- Your instructions -
From the records below, copy each line in which the string "SampleTime" occurs.

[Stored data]
# # # # #
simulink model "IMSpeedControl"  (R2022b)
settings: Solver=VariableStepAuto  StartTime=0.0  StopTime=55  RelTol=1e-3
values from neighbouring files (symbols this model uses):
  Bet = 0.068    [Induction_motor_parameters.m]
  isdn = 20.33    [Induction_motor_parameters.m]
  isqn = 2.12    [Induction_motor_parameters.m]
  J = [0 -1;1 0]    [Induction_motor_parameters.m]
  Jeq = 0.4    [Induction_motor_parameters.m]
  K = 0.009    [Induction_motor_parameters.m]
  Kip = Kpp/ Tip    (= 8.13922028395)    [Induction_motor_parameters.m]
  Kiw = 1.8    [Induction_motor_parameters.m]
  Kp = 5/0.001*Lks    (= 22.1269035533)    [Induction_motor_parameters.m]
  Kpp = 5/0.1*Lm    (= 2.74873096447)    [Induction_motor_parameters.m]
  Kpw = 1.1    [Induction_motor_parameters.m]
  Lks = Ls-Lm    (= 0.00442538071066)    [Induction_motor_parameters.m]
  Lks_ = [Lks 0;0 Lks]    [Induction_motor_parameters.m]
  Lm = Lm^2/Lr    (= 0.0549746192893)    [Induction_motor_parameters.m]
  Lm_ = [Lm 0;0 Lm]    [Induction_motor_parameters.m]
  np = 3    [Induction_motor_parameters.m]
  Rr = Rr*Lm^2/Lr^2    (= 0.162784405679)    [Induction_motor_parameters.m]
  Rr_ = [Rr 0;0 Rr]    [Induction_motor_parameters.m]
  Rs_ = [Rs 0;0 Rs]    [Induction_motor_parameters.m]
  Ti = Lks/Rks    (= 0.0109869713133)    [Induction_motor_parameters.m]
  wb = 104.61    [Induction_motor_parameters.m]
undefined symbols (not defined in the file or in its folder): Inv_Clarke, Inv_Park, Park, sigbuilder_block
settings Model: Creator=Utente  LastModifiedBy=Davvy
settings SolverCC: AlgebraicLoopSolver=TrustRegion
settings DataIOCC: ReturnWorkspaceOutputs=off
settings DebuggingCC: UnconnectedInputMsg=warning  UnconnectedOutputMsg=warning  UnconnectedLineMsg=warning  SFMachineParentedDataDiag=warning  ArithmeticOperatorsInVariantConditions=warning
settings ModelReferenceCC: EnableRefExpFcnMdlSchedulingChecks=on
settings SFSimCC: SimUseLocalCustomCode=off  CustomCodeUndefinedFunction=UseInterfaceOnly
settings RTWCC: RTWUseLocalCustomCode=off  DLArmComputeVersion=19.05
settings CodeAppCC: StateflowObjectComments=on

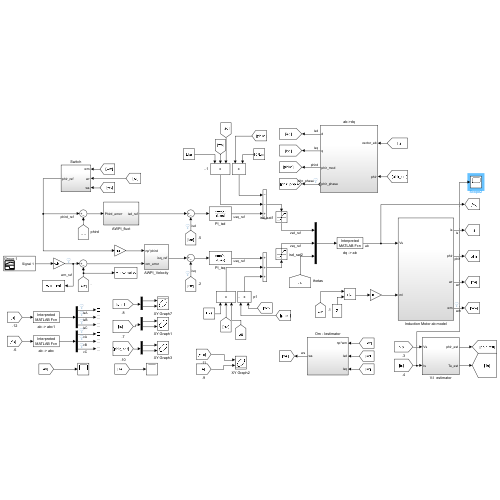
[thumbnail: Simulink's stored preview of the top-level diagram]
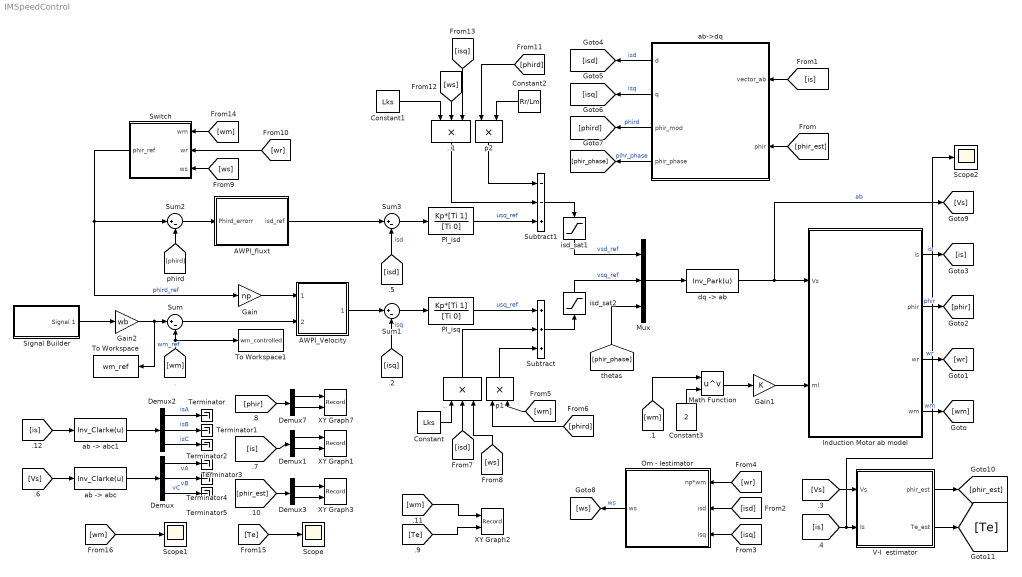
== system IMSpeedControl ==
  .. : Product  Inputs=***
  ..1 : Product  Inputs=***
  AWPI_Velocity : Subsystem
  AWPI_fluxt : Subsystem
  Constant : Constant  Value=Lks
  Constant1 : Constant  Value=Lks
  Constant2 : Constant  Value=Rr/Lm
  Constant3 : Constant  Value=2
  Demux : Demux  Outputs=3
  Demux1 : Demux  Outputs=2
  Demux2 : Demux  Outputs=3
  Demux3 : Demux  Outputs=2
  Demux7 : Demux  Outputs=2
  Gain : Gain  Gain=np
  Gain1 : Gain  Gain=K
  Gain2 : Gain  Gain=wb
  Induction Motor ab model : Subsystem
  Math Function : Math  Operator=pow  SignedPower=on
  Mux : Mux  Inputs=3
  Om - Iestimator : Subsystem
  PI_isd : TransferFcn  Numerator=Kp*[Ti 1]  Denominator=[Ti 0]
  PI_isq : TransferFcn  Numerator=Kp*[Ti 1]  Denominator=[Ti 0]
  Scope : Scope
  Scope1 : Scope
  Scope2 : Scope
  Signal Builder : Subsystem  Tag=STV Subsys  LoadFcn=sigbuilder_block('load');  StartFcn=sigbuilder_block('start');  StopFcn=sigbuilder_block('stop');  ClipboardFcn=sigbuilder_block('clipboard');  mask(Sigbuilder block){tuvar=[0:10]}
      mask help: Simulink:masks:SigbuilderBlock_MD
      mask init:
      | if ~strcmp(get_param(bdroot(gcbh),'SimulationStatus'),'stopped') tuvar = sigbuilder_block('maskInit'); end
      settings: CopyFcn=sigbuilder_block('copy');  DeleteFcn=sigbuilder_block('delete');  ModelCloseFcn=sigbuilder_block('modelClose');  PreSaveFcn=sigbuilder_block('preSave');  PauseFcn=sigbuilder_block('pause');  ContinueFcn=sigbuilder_block('continue');  NameChangeFcn=sigbuilder_block('namechange');  OpenFcn=sigbuilder_block('open',[6 30 1012.5 447.75 ]);  CloseFcn=sigbuilder_block('close');
      mask Display: plot(0, 0, 100, 100,[2, 2, 32, 32, 2], [68, 8, 8, 68, 68],[32, 2], [38, 38], [32, 19, 2],[53, 60, 44], [32, 17, 17, 2],[16, 16, 31, 31]);txt = getActiveGroup(gcbh);text(2, 100, txt,'verticalAlignment', 'top');
  Subtract : Sum  Inputs=+++
  Subtract1 : Sum  Inputs=--+
  Sum{,1..3} (4 alike) : Sum  Inputs=|+-
  Switch : Subsystem
  Terminator{,1..5} (6 alike) : Terminator
  To Workspace : ToWorkspace  VariableName=wm_ref  SaveFormat=Timeseries  SampleTime=-1
  To Workspace1 : ToWorkspace  VariableName=wm_controlled  SaveFormat=Timeseries  SampleTime=-1
  V-I  estimator : Subsystem
  XY Graph1 : Record  FileSettingsInternal="{\"entries\":[{\"content\":{\"excelSettings\":{\"content\":{},\"type\":\"Streamout.ExcelSettings\"}},\"type\":\"Streamout.FileSettingStorage\",\"uuid\":\"d3ca43fa-2eb8-43c5-9975-2b22932f402f\"}],\"packageUris\":[\"http://schema.mathworks.com/mf0/streamout_blocks/R2020a\"],\"version\":\"1.0\"}"  Layout=[1 1]  SignalsInternal="{\"entries\":[{\"content\":{\"signals\":[{\"content\":{\"blockPath\":[\"IMSpeedControl/XY Graph1\"],\"channel\":[],\"dimensions\":[1],\"domain\":\"IMSpeedControl/XY Graph1\",\"lineColor\":\"#a2142f\",\"plots\":[1],\"port\":1,\"sid\":[\"\"],\"signalID\":2589,\"signalName\":\"Demux1:1\"},\"type\":\"RecordBlkView.Signal\",\"uuid\":\"02de77b0-35d0-4548-bb27-b905c8801d44\"},{\"content\":{\"blockPath\":[\"IMSpeedControl/XY Graph1\"],\"channel\":[],\"dimensions\":[1],\"domain\":\"IMSpeedControl/XY Graph1\",\"lineColor\":\"#139fff\",\"plots\":[1],\"port\":2,\"sid\":[\"\"],\"signalID\":2593,\"signalName\":\"Demux1:2\"},\"type\":\"RecordBlkView.Signal\",\"uuid\":\"53935ca3-2f54-4a23-9646-f53dd009e972\"}]},\"type\":\"RecordBlkView.InputSignals\",\"uuid\":\"47193afe-2425-4409-be18-3384f797a584\"}],\"packageUris\":[\"http://schema.mathworks.com/mf0/streamout_blocks/R2020a\"],\"version\":\"1.0\"}"  VisualizationBindings="{\"xyplotplugin\":{\"info\":[{\"series\":[{\"bindingParametersList\":[{\"parameter\":\"X-Axis\",\"signalID\":2589,\"signalName\":\"Demux1:1\"},{\"parameter\":\"Y-Axis\",\"signalID\":2593,\"signalName\":\"Demux1:2\"}],\"seriesID\":41022}],\"subplotID\":1}]}}"  CompatibilityTag=XY  st=-1
  XY Graph2 : Record  FileSettingsInternal="{\"entries\":[{\"content\":{\"excelSettings\":{\"content\":{},\"type\":\"Streamout.ExcelSettings\"}},\"type\":\"Streamout.FileSettingStorage\",\"uuid\":\"a333dde8-44ef-479c-a614-b682ced7709c\"}],\"packageUris\":[\"http://schema.mathworks.com/mf0/streamout_blocks/R2020a\"],\"version\":\"1.0\"}"  Layout=[1 1]  SignalsInternal="{\"entries\":[{\"content\":{\"signals\":[{\"content\":{\"blockPath\":[\"IMSpeedControl/XY Graph2\"],\"channel\":[],\"dimensions\":[1],\"domain\":\"IMSpeedControl/XY Graph2\",\"lineColor\":\"#a2142f\",\"plots\":[1],\"port\":1,\"sid\":[\"\"],\"signalID\":2597,\"signalName\":\".11\"},\"type\":\"RecordBlkView.Signal\",\"uuid\":\"f7e30db1-32b0-4ca4-8bfd-82b278195b5f\"},{\"content\":{\"blockPath\":[\"IMSpeedControl/XY Graph2\"],\"channel\":[],\"dimensions\":[1],\"domain\":\"IMSpeedControl/XY Graph2\",\"lineColor\":\"#139fff\",\"plots\":[1],\"port\":2,\"sid\":[\"\"],\"signalID\":2601,\"signalName\":\".9\"},\"type\":\"RecordBlkView.Signal\",\"uuid\":\"c26b9c31-f389-46e3-b070-48b4825ac3b8\"}]},\"type\":\"RecordBlkView.InputSignals\",\"uuid\":\"892b814f-ea27-4dea-9e30-1f6eece8a5fc\"}],\"packageUris\":[\"http://schema.mathworks.com/mf0/streamout_blocks/R2020a\"],\"version\":\"1.0\"}"  VisualizationBindings="{\"xyplotplugin\":{\"info\":[{\"series\":[{\"bindingParametersList\":[{\"parameter\":\"X-Axis\",\"signalID\":2597,\"signalName\":\".11\"},{\"parameter\":\"Y-Axis\",\"signalID\":2601,\"signalName\":\".9\"}],\"seriesID\":14013}],\"subplotID\":1}]}}"  CompatibilityTag=XY  st=-1
  XY Graph3 : Record  FileSettingsInternal="{\"entries\":[{\"content\":{\"excelSettings\":{\"content\":{},\"type\":\"Streamout.ExcelSettings\"}},\"type\":\"Streamout.FileSettingStorage\",\"uuid\":\"8872b38d-c9ea-4a8e-ae80-a4eae1dd000b\"}],\"packageUris\":[\"http://schema.mathworks.com/mf0/streamout_blocks/R2020a\"],\"version\":\"1.0\"}"  Layout=[1 1]  SignalsInternal="{\"entries\":[{\"content\":{\"signals\":[{\"content\":{\"blockPath\":[\"IMSpeedControl/XY Graph3\"],\"channel\":[],\"dimensions\":[1],\"domain\":\"IMSpeedControl/XY Graph3\",\"lineColor\":\"#a2142f\",\"plots\":[1],\"port\":1,\"sid\":[\"\"],\"signalID\":2605,\"signalName\":\"Demux3:1\"},\"type\":\"RecordBlkView.Signal\",\"uuid\":\"8f683524-bb5c-486f-9abb-78ec64469034\"},{\"content\":{\"blockPath\":[\"IMSpeedControl/XY Graph3\"],\"channel\":[],\"dimensions\":[1],\"domain\":\"IMSpeedControl/XY Graph3\",\"lineColor\":\"#139fff\",\"plots\":[1],\"port\":2,\"sid\":[\"\"],\"signalID\":2609,\"signalName\":\"Demux3:2\"},\"type\":\"RecordBlkView.Signal\",\"uuid\":\"ce7d3715-b402-496e-9cf6-d9fdbd852528\"}]},\"type\":\"RecordBlkView.InputSignals\",\"uuid\":\"2dbcf389-952d-43f2-8df1-56cbfee3bb29\"}],\"packageUris\":[\"http://schema.mathworks.com/mf0/streamout_blocks/R2020a\"],\"version\":\"1.0\"}"  VisualizationBindings="{\"xyplotplugin\":{\"info\":[{\"series\":[{\"bindingParametersList\":[{\"parameter\":\"X-Axis\",\"signalID\":2605,\"signalName\":\"Demux3:1\"},{\"parameter\":\"Y-Axis\",\"signalID\":2609,\"signalName\":\"Demux3:2\"}],\"seriesID\":20617}],\"subplotID\":1}]}}"  CompatibilityTag=XY  st=-1
  XY Graph7 : Record  FileSettingsInternal="{\"entries\":[{\"content\":{\"excelSettings\":{\"content\":{},\"type\":\"Streamout.ExcelSettings\"}},\"type\":\"Streamout.FileSettingStorage\",\"uuid\":\"0bf42496-7210-4f3b-99f3-3b3a1dd7ec81\"}],\"packageUris\":[\"http://schema.mathworks.com/mf0/streamout_blocks/R2020a\"],\"version\":\"1.0\"}"  Layout=[1 1]  SignalsInternal="{\"entries\":[{\"content\":{\"signals\":[{\"content\":{\"blockPath\":[\"IMSpeedControl/XY Graph7\"],\"channel\":[],\"dimensions\":[1],\"domain\":\"IMSpeedControl/XY Graph7\",\"lineColor\":\"#a2142f\",\"plots\":[1],\"port\":1,\"sid\":[\"\"],\"signalID\":2613,\"signalName\":\"Demux7:1\"},\"type\":\"RecordBlkView.Signal\",\"uuid\":\"cdc689f2-e2ee-4a3d-8cbf-3711711c7aba\"},{\"content\":{\"blockPath\":[\"IMSpeedControl/XY Graph7\"],\"channel\":[],\"dimensions\":[1],\"domain\":\"IMSpeedControl/XY Graph7\",\"lineColor\":\"#139fff\",\"plots\":[1],\"port\":2,\"sid\":[\"\"],\"signalID\":2617,\"signalName\":\"Demux7:2\"},\"type\":\"RecordBlkView.Signal\",\"uuid\":\"bf97ebbf-5e9a-4653-b8b6-6523d9603def\"}]},\"type\":\"RecordBlkView.InputSignals\",\"uuid\":\"f683bfae-dbd4-4a57-97ca-43081def8fa8\"}],\"packageUris\":[\"http://schema.mathworks.com/mf0/streamout_blocks/R2020a\"],\"version\":\"1.0\"}"  VisualizationBindings="{\"xyplotplugin\":{\"info\":[{\"series\":[{\"bindingParametersList\":[{\"parameter\":\"X-Axis\",\"signalID\":2613,\"signalName\":\"Demux7:1\"},{\"parameter\":\"Y-Axis\",\"signalID\":2617,\"signalName\":\"Demux7:2\"}],\"seriesID\":21423}],\"subplotID\":1}]}}"  CompatibilityTag=XY  st=-1
  "ab -> abc" : MATLABFcn  MATLABFcn=Inv_Clarke(u)  OutputSignalType=real
  "ab -> abc1" : MATLABFcn  MATLABFcn=Inv_Clarke(u)  OutputSignalType=real
  ab->dq : Subsystem
  "dq -> ab" : MATLABFcn  MATLABFcn=Inv_Park(u)  OutputDimensions=2  OutputSignalType=real
  isd_sat1 : Saturate  UpperLimit=380  LowerLimit=-380
  isd_sat2 : Saturate  UpperLimit=380  LowerLimit=-380
  p1 : Product  Inputs=**
  p2 : Product  Inputs=**
  wires:
  "dq -> ab"/1 -> [Vs], Induction Motor ab model/1(Vs)  "ab"
  Mux/1 -> "dq -> ab"/1
  Induction Motor ab model/4(wm) -> [wm]  "wm"
  Induction Motor ab model/3(wr) -> [wr]  "wr"
  Induction Motor ab model/2(phir) -> [phir]  "phir"
  Induction Motor ab model/1(is) -> [is]  "is"
  [phir_est] -> ab->dq/2(phir)
  [is] -> ab->dq/1(vector_ab)
  ab->dq/1(d) -> [isd]  "isd"
  ab->dq/2(q) -> [isq]  "isq"
  ab->dq/3(phir_mod) -> [phird]  "phird"
  ab->dq/4(phir_phase) -> [phir_phase]  "pihr_phase"
  [wm] -> To Workspace1/1, Sum/2
  Sum/1 -> AWPI_Velocity/2(om_error)
  [phird] -> Sum2/2
  Gain/1 -> AWPI_Velocity/1(np*phird)
  [isq] -> Sum1/2  "isq"
  Sum1/1 -> PI_isq/1
  PI_isq/1 -> Subtract/1  "usq_ref"
  [isd] -> Om - Iestimator/2(isd)
  [wr] -> Om - Iestimator/1(np*wm)
  [isq] -> Om - Iestimator/3(isq)
  [wm] -> p1/2
  [phird] -> p1/1
  p1/1 -> Subtract/3
  [isd] -> ../2
  [ws] -> ../3
  Constant/1 -> ../1
  ../1 -> Subtract/2
  Subtract/1 -> isd_sat2/1
  Constant1/1 -> ..1/1
  [ws] -> ..1/2
  Subtract1/1 -> isd_sat1/1
  Switch/1(phir_ref) -> Gain/1, Sum2/1  "phird_ref"
  [phird] -> p2/1
  Sum2/1 -> AWPI_fluxt/1(Phird_errorr)
  Sum3/1 -> PI_isd/1
  [isq] -> ..1/3
  p2/1 -> Subtract1/1
  Constant2/1 -> p2/2
  ..1/1 -> Subtract1/2
  PI_isd/1 -> Subtract1/3  "usq_ref"
  [isd] -> Sum3/2  "isd"
  Gain1/1 -> Induction Motor ab model/2(ml)
  [ws] -> Switch/3(ws)
  [wr] -> Switch/2(wr)
  [wm] -> Switch/1(wm)
  [phir_phase] -> Mux/3
  [Vs] -> V-I  estimator/1(Vs)
  [is] -> Scope2/1, V-I  estimator/2(Is)
  V-I  estimator/1(phir_est) -> [phir_est]
  isd_sat2/1 -> Mux/2  "vsq_ref"
  isd_sat1/1 -> Mux/1  "vsd_ref"
  AWPI_fluxt/1(isd_ref) -> Sum3/1
  AWPI_Velocity/1(isq_ref) -> Sum1/1
  Math Function/1 -> Gain1/1
  [wm] -> Math Function/1
  Constant3/1 -> Math Function/2
  "ab -> abc"/1 -> Demux/1
  Demux/1 -> Terminator3/1  "vA"
  Demux/2 -> Terminator4/1  "vB"
  Demux/3 -> Terminator5/1  "vC"
  [Vs] -> "ab -> abc"/1
  Demux1/1 -> XY Graph1/1
  Demux1/2 -> XY Graph1/2
  Signal Builder/1(Signal 1) -> Gain2/1
  Gain2/1 -> To Workspace/1, Sum/1  "wm_ref"
  Om - Iestimator/1(ws) -> [ws]  "ws"
  [is] -> Demux1/1
  Demux7/1 -> XY Graph7/1
  Demux7/2 -> XY Graph7/2
  [phir] -> Demux7/1
  [wm] -> XY Graph2/1
  [Te] -> XY Graph2/2
  Demux3/1 -> XY Graph3/1
  [phir_est] -> Demux3/1
  Demux3/2 -> XY Graph3/2
  V-I  estimator/2(Te_est) -> [Te]
  Demux2/2 -> Terminator1/1  "isB"
  Demux2/3 -> Terminator2/1  "isC"
  Demux2/1 -> Terminator/1  "isA"
  [is] -> "ab -> abc1"/1
  "ab -> abc1"/1 -> Demux2/1
  [Te] -> Scope/1
  [wm] -> Scope1/1

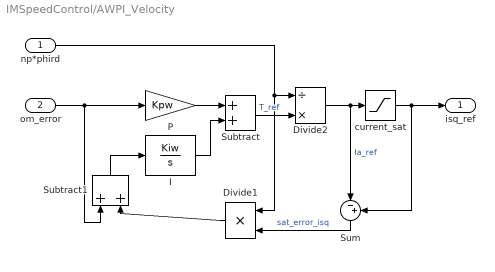
== system IMSpeedControl/AWPI_Velocity ==
  np*phird : Inport
  om_error : Inport  Port=2
  Divide1 : Product  Inputs=**
  Divide2 : Product  Inputs=/*
  I : TransferFcn  Numerator=Kiw  Denominator=[1 0]
  P : Gain  Gain=Kpw
  Subtract : Sum
  Subtract1 : Sum
  Sum : Sum  Inputs=|-+
  current_sat : Saturate  UpperLimit=isqn  LowerLimit=-isqn
  isq_ref : Outport
  wires:
  P/1 -> Subtract/1
  om_error/1 -> Subtract1/1, P/1
  Divide2/1 -> Sum/1, current_sat/1  "Ia_ref"
  Subtract/1 -> Divide2/2  "T_ref"
  np*phird/1 -> Divide1/1, Divide2/1
  current_sat/1 -> Sum/2, isq_ref/1
  Subtract1/1 -> I/1
  Sum/1 -> Divide1/2  "sat_error_isq"
  I/1 -> Subtract/2
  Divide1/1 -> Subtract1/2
# # # # #
- Your response -
  To Workspace : ToWorkspace  VariableName=wm_ref  SaveFormat=Timeseries  SampleTime=-1
  To Workspace1 : ToWorkspace  VariableName=wm_controlled  SaveFormat=Timeseries  SampleTime=-1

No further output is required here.